• Records from a data source:
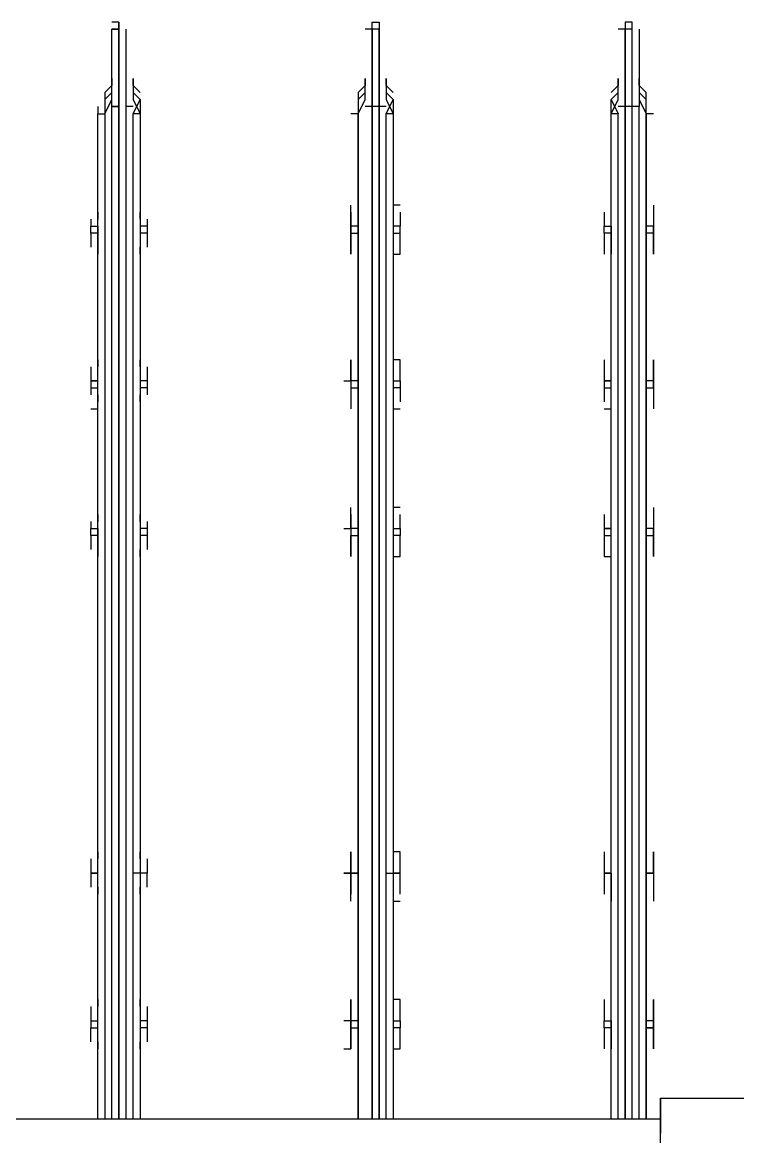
# Model space of a CAD drawing. Header units: metres. Extents: x 531689 to 532245, y 2673919 to 2674172.
# Drawn here: x 532026.3655 to 532026.5063, y 2674041.5398 to 2674041.759 of the extents above; entities that cross this region are included whole.
import ezdxf

# ---------------------------------------------------------------- set-up
doc = ezdxf.new("R2010")
doc.units = ezdxf.units.M
doc.header["$MEASUREMENT"] = 0
doc.layers.add('IDT', color=7, linetype='Continuous')

# ---------------------------------------------------------------- blocks, each defined once
blk = doc.blocks.new('IDT')
at = {"layer": 'IDT', "color": 0, "lineweight": 25}
for p, q in [((14.44023323489117, 8.808264188034968), (14.44023323489117, 8.711443658661096)), ((14.44023323489117, 8.711443658661096), (14.44023323489117, 8.718359410759263)), ((14.44023323489117, 8.71559310991995), (15.02115641113394, 8.71559310991995)), ((14.44299953573025, 8.51780259991358), (14.44299953573025, 8.71559310991995)), ((14.44299953573025, 8.71559310991995), (14.44299953573025, 8.51780259991358)), ((14.44438268615002, 8.71559310991995), (14.44438268615002, 8.516419449494038)), ((14.44576583656979, 8.71559310991995), (14.44576583656979, 8.516419449494038)), ((14.44714898698911, 8.516419449494038), (14.44714898698911, 8.71559310991995)), ((14.44714898698911, 8.71559310991995), (14.44714898698911, 8.516419449494038)), ((14.44853213740888, 8.71559310991995), (14.44853213740888, 8.51780259991358)), ((14.44991528782865, 8.71559310991995), (14.44991528782865, 8.51780259991358)), ((14.49279295083696, 8.51780259991358), (14.49279295083696, 8.71559310991995)), ((14.49417610125673, 8.71559310991995), (14.49417610125673, 8.51780259991358)), ((14.49555925167604, 8.516419449494038), (14.49555925167604, 8.71559310991995)), ((14.49555925167604, 8.71559310991995), (14.49555925167604, 8.516419449494038)), ((14.49694240209581, 8.516419449494038), (14.49694240209581, 8.71559310991995)), ((14.49694240209581, 8.71559310991995), (14.49694240209581, 8.516419449494038)), ((14.4997087029349, 8.51780259991358), (14.4997087029349, 8.71559310991995)), ((14.4997087029349, 8.71559310991995), (14.4997087029349, 8.51780259991358)), ((14.54258636594366, 8.51780259991358), (14.54258636594366, 8.71559310991995)), ((14.54396951636298, 8.71559310991995), (14.54396951636298, 8.51780259991358)), ((14.54535266678275, 8.516419449494038), (14.54535266678275, 8.71559310991995)), ((14.54673581720252, 8.71559310991995), (14.54673581720252, 8.516419449494038)), ((14.54673581720252, 8.516419449494038), (14.54673581720252, 8.71559310991995)), ((14.54811896762183, 8.71559310991995), (14.54811896762183, 8.516419449494038)), ((14.5495021180416, 8.51780259991358), (14.5495021180416, 8.71559310991995)), ((14.55088526846137, 8.71559310991995), (14.55088526846137, 8.51780259991358)), ((14.44023323489117, 8.711443658661096), (14.34064640467821, 8.711443658661096)), ((14.44161638531094, 8.697612154464991), (14.44161638531094, 8.701761605723846)), ((14.44161638531094, 8.701761605723846), (14.44161638531094, 8.700378455304076)), ((14.44991528782865, 8.696229004045222), (14.44991528782865, 8.701761605723846)), ((14.45129843824841, 8.700378455304076), (14.45129843824841, 8.701761605723846)), ((14.49279295083696, 8.701761605723846), (14.49140980041719, 8.701761605723846)), ((14.49140980041719, 8.701761605723846), (14.49140980041719, 8.700378455304076)), ((14.49279295083696, 8.697612154464991), (14.49279295083696, 8.701761605723846)), ((14.50247500377444, 8.701761605723846), (14.50109185335467, 8.701761605723846)), ((14.50109185335467, 8.701761605723846), (14.50109185335467, 8.697612154464991)), ((14.50109185335467, 8.700378455304076), (14.50109185335467, 8.701761605723846)), ((14.54258636594366, 8.697612154464991), (14.54258636594366, 8.701761605723846)), ((14.54258636594366, 8.701761605723846), (14.54258636594366, 8.700378455304076)), ((14.55088526846137, 8.700378455304076), (14.55088526846137, 8.701761605723846)), ((14.55088526846137, 8.701761605723846), (14.55088526846137, 8.697612154464991)), ((14.44161638531094, 8.700378455304076), (14.44161638531094, 8.697612154464991)), ((14.45129843824841, 8.697612154464991), (14.45129843824841, 8.700378455304076)), ((14.49140980041719, 8.700378455304076), (14.49140980041719, 8.697612154464991)), ((14.50109185335467, 8.697612154464991), (14.50109185335467, 8.700378455304076)), ((14.54120321552389, 8.697612154464991), (14.54120321552389, 8.700378455304076)), ((14.55226841888069, 8.700378455304076), (14.55226841888069, 8.697612154464991)), ((14.44161638531094, 8.696229004045222), (14.44161638531094, 8.697612154464991)), ((14.44161638531094, 8.697612154464991), (14.44299953573025, 8.697612154464991)), ((14.44299953573025, 8.697612154464991), (14.44161638531094, 8.697612154464991)), ((14.44161638531094, 8.697612154464991), (14.44161638531094, 8.696229004045222)), ((14.44991528782865, 8.697612154464991), (14.45129843824841, 8.697612154464991)), ((14.45129843824841, 8.697612154464991), (14.45129843824841, 8.696229004045222)), ((14.49140980041719, 8.697612154464991), (14.49279295083696, 8.697612154464991)), ((14.49140980041719, 8.696229004045222), (14.49140980041719, 8.697612154464991)), ((14.49279295083696, 8.696229004045222), (14.49279295083696, 8.697612154464991)), ((14.50109185335467, 8.697612154464991), (14.4997087029349, 8.697612154464991)), ((14.50109185335467, 8.696229004045222), (14.50109185335467, 8.697612154464991)), ((14.50109185335467, 8.697612154464991), (14.50109185335467, 8.696229004045222)), ((14.54120321552389, 8.696229004045222), (14.54120321552389, 8.697612154464991)), ((14.54120321552389, 8.697612154464991), (14.54258636594366, 8.697612154464991)), ((14.54258636594366, 8.696229004045222), (14.54258636594366, 8.697612154464991)), ((14.55088526846137, 8.697612154464991), (14.55088526846137, 8.696229004045222)), ((14.55226841888069, 8.697612154464991), (14.55088526846137, 8.697612154464991)), ((14.55226841888069, 8.696229004045222), (14.55226841888069, 8.697612154464991)), ((14.44161638531094, 8.696229004045222), (14.44161638531094, 8.693462703206137)), ((14.44161638531094, 8.692079552786367), (14.44161638531094, 8.696229004045222)), ((14.44161638531094, 8.696229004045222), (14.44299953573025, 8.696229004045222)), ((14.45129843824841, 8.696229004045222), (14.44991528782865, 8.696229004045222)), ((14.44991528782865, 8.696229004045222), (14.44991528782865, 8.692079552786367)), ((14.45129843824841, 8.696229004045222), (14.44991528782865, 8.696229004045222)), ((14.45129843824841, 8.693462703206137), (14.45129843824841, 8.696229004045222)), ((14.49279295083696, 8.696229004045222), (14.49140980041719, 8.696229004045222)), ((14.49140980041719, 8.696229004045222), (14.49140980041719, 8.693462703206137)), ((14.49279295083696, 8.692079552786367), (14.49279295083696, 8.696229004045222)), ((14.4997087029349, 8.696229004045222), (14.50109185335467, 8.696229004045222)), ((14.50109185335467, 8.696229004045222), (14.50109185335467, 8.692079552786367)), ((14.50109185335467, 8.693462703206137), (14.50109185335467, 8.696229004045222)), ((14.50109185335467, 8.696229004045222), (14.50247500377444, 8.696229004045222)), ((14.54120321552389, 8.693462703206137), (14.54120321552389, 8.696229004045222)), ((14.54120321552389, 8.696229004045222), (14.54258636594366, 8.696229004045222)), ((14.54258636594366, 8.692079552786367), (14.54258636594366, 8.696229004045222)), ((14.55088526846137, 8.696229004045222), (14.55088526846137, 8.692079552786367)), ((14.55226841888069, 8.696229004045222), (14.55088526846137, 8.696229004045222)), ((14.55226841888069, 8.693462703206137), (14.55226841888069, 8.696229004045222)), ((14.44161638531094, 8.693462703206137), (14.44161638531094, 8.692079552786367)), ((14.45129843824841, 8.692079552786367), (14.45129843824841, 8.693462703206137)), ((14.49140980041719, 8.693462703206137), (14.49140980041719, 8.692079552786367)), ((14.50109185335467, 8.692079552786367), (14.50109185335467, 8.693462703206137)), ((14.54258636594366, 8.693462703206137), (14.54258636594366, 8.692079552786367)), ((14.55088526846137, 8.692079552786367), (14.55088526846137, 8.693462703206137)), ((14.49140980041719, 8.692079552786367), (14.49279295083696, 8.692079552786367)), ((14.44161638531094, 8.667182845233242), (14.44161638531094, 8.672715446911639)), ((14.44991528782865, 8.667182845233242), (14.44991528782865, 8.672715446911639)), ((14.49279295083696, 8.672715446911639), (14.49140980041719, 8.672715446911639)), ((14.49279295083696, 8.663033393974388), (14.49279295083696, 8.672715446911639)), ((14.50109185335467, 8.672715446911639), (14.50109185335467, 8.667182845233242)), ((14.54258636594366, 8.667182845233242), (14.54258636594366, 8.672715446911639)), ((14.55088526846137, 8.672715446911639), (14.55088526846137, 8.667182845233242)), ((14.44161638531094, 8.669949146072327), (14.44161638531094, 8.671332296492096)), ((14.45129843824841, 8.669949146072327), (14.45129843824841, 8.671332296492096)), ((14.49140980041719, 8.671332296492096), (14.49140980041719, 8.669949146072327)), ((14.50109185335467, 8.669949146072327), (14.50109185335467, 8.671332296492096)), ((14.54258636594366, 8.671332296492096), (14.54258636594366, 8.669949146072327)), ((14.55088526846137, 8.669949146072327), (14.55088526846137, 8.671332296492096)), ((14.44161638531094, 8.667182845233242), (14.44161638531094, 8.669949146072327)), ((14.45129843824841, 8.667182845233242), (14.45129843824841, 8.669949146072327)), ((14.49140980041719, 8.669949146072327), (14.49140980041719, 8.667182845233242)), ((14.50109185335467, 8.667182845233242), (14.50109185335467, 8.669949146072327)), ((14.54120321552389, 8.669949146072327), (14.54120321552389, 8.667182845233242)), ((14.55226841888069, 8.667182845233242), (14.55226841888069, 8.669949146072327)), ((14.44299953573025, 8.667182845233242), (14.44161638531094, 8.667182845233242)), ((14.44161638531094, 8.667182845233242), (14.44161638531094, 8.66441654439393)), ((14.44161638531094, 8.663033393974388), (14.44161638531094, 8.667182845233242)), ((14.44161638531094, 8.667182845233242), (14.44299953573025, 8.667182845233242)), ((14.44299953573025, 8.667182845233242), (14.44161638531094, 8.667182845233242)), ((14.45129843824841, 8.667182845233242), (14.44991528782865, 8.667182845233242)), ((14.44991528782865, 8.667182845233242), (14.44991528782865, 8.663033393974388)), ((14.44991528782865, 8.667182845233242), (14.45129843824841, 8.667182845233242)), ((14.45129843824841, 8.667182845233242), (14.44991528782865, 8.667182845233242)), ((14.45129843824841, 8.66441654439393), (14.45129843824841, 8.667182845233242)), ((14.49279295083696, 8.667182845233242), (14.49140980041719, 8.667182845233242)), ((14.49140980041719, 8.667182845233242), (14.49140980041719, 8.66441654439393)), ((14.49140980041719, 8.667182845233242), (14.49279295083696, 8.667182845233242)), ((14.49417610125673, 8.667182845233242), (14.49279295083696, 8.667182845233242)), ((14.50109185335467, 8.667182845233242), (14.4997087029349, 8.667182845233242)), ((14.4997087029349, 8.667182845233242), (14.50109185335467, 8.667182845233242)), ((14.50109185335467, 8.667182845233242), (14.50247500377444, 8.667182845233242)), ((14.50247500377444, 8.667182845233242), (14.50109185335467, 8.667182845233242)), ((14.50109185335467, 8.667182845233242), (14.50109185335467, 8.66441654439393)), ((14.50109185335467, 8.663033393974388), (14.50109185335467, 8.667182845233242)), ((14.54120321552389, 8.66441654439393), (14.54120321552389, 8.667182845233242)), ((14.54120321552389, 8.667182845233242), (14.54258636594366, 8.667182845233242)), ((14.54120321552389, 8.667182845233242), (14.54258636594366, 8.667182845233242)), ((14.54258636594366, 8.663033393974388), (14.54258636594366, 8.667182845233242)), ((14.54258636594366, 8.667182845233242), (14.54396951636298, 8.667182845233242)), ((14.55088526846137, 8.667182845233242), (14.55226841888069, 8.667182845233242)), ((14.55226841888069, 8.667182845233242), (14.55088526846137, 8.667182845233242)), ((14.55088526846137, 8.667182845233242), (14.55088526846137, 8.663033393974388)), ((14.55226841888069, 8.667182845233242), (14.55088526846137, 8.667182845233242)), ((14.55088526846137, 8.667182845233242), (14.55226841888069, 8.667182845233242)), ((14.55226841888069, 8.66441654439393), (14.55226841888069, 8.667182845233242)), ((14.44161638531094, 8.66441654439393), (14.44161638531094, 8.663033393974388)), ((14.45129843824841, 8.663033393974388), (14.45129843824841, 8.66441654439393)), ((14.49140980041719, 8.66441654439393), (14.49140980041719, 8.663033393974388)), ((14.50109185335467, 8.66441654439393), (14.50109185335467, 8.663033393974388)), ((14.54258636594366, 8.66441654439393), (14.54258636594366, 8.663033393974388)), ((14.55088526846137, 8.663033393974388), (14.55088526846137, 8.66441654439393)), ((14.49140980041719, 8.663033393974388), (14.49279295083696, 8.663033393974388)), ((14.44161638531094, 8.60079162509112), (14.44161638531094, 8.604941076349974)), ((14.44161638531094, 8.604941076349974), (14.44161638531094, 8.603557925930431)), ((14.45129843824841, 8.604941076349974), (14.44991528782865, 8.604941076349974)), ((14.44991528782865, 8.604941076349974), (14.44991528782865, 8.60079162509112)), ((14.45129843824841, 8.603557925930431), (14.45129843824841, 8.604941076349974)), ((14.49279295083696, 8.604941076349974), (14.49140980041719, 8.604941076349974)), ((14.49140980041719, 8.604941076349974), (14.49140980041719, 8.603557925930431)), ((14.49279295083696, 8.60079162509112), (14.49279295083696, 8.604941076349974)), ((14.50109185335467, 8.60079162509112), (14.50109185335467, 8.604941076349974)), ((14.50109185335467, 8.604941076349974), (14.50109185335467, 8.603557925930431)), ((14.54258636594366, 8.60079162509112), (14.54258636594366, 8.604941076349974)), ((14.54258636594366, 8.604941076349974), (14.54258636594366, 8.603557925930431)), ((14.55088526846137, 8.60079162509112), (14.55088526846137, 8.604941076349974)), ((14.55088526846137, 8.604941076349974), (14.55088526846137, 8.603557925930431)), ((14.44161638531094, 8.603557925930431), (14.44161638531094, 8.60079162509112)), ((14.45129843824841, 8.60079162509112), (14.45129843824841, 8.603557925930431)), ((14.49140980041719, 8.603557925930431), (14.49140980041719, 8.60079162509112)), ((14.50109185335467, 8.603557925930431), (14.50109185335467, 8.60079162509112)), ((14.54120321552389, 8.60079162509112), (14.54120321552389, 8.603557925930431)), ((14.55226841888069, 8.60079162509112), (14.55226841888069, 8.603557925930431)), ((14.44299953573025, 8.60079162509112), (14.44161638531094, 8.60079162509112)), ((14.44161638531094, 8.598025324251807), (14.44161638531094, 8.60079162509112)), ((14.44161638531094, 8.60079162509112), (14.44161638531094, 8.599408474671577)), ((14.44991528782865, 8.60079162509112), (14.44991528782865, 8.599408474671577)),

• What is required: Across the entries, how many lines hold the word "color"? Say only the number.

• Task result: 2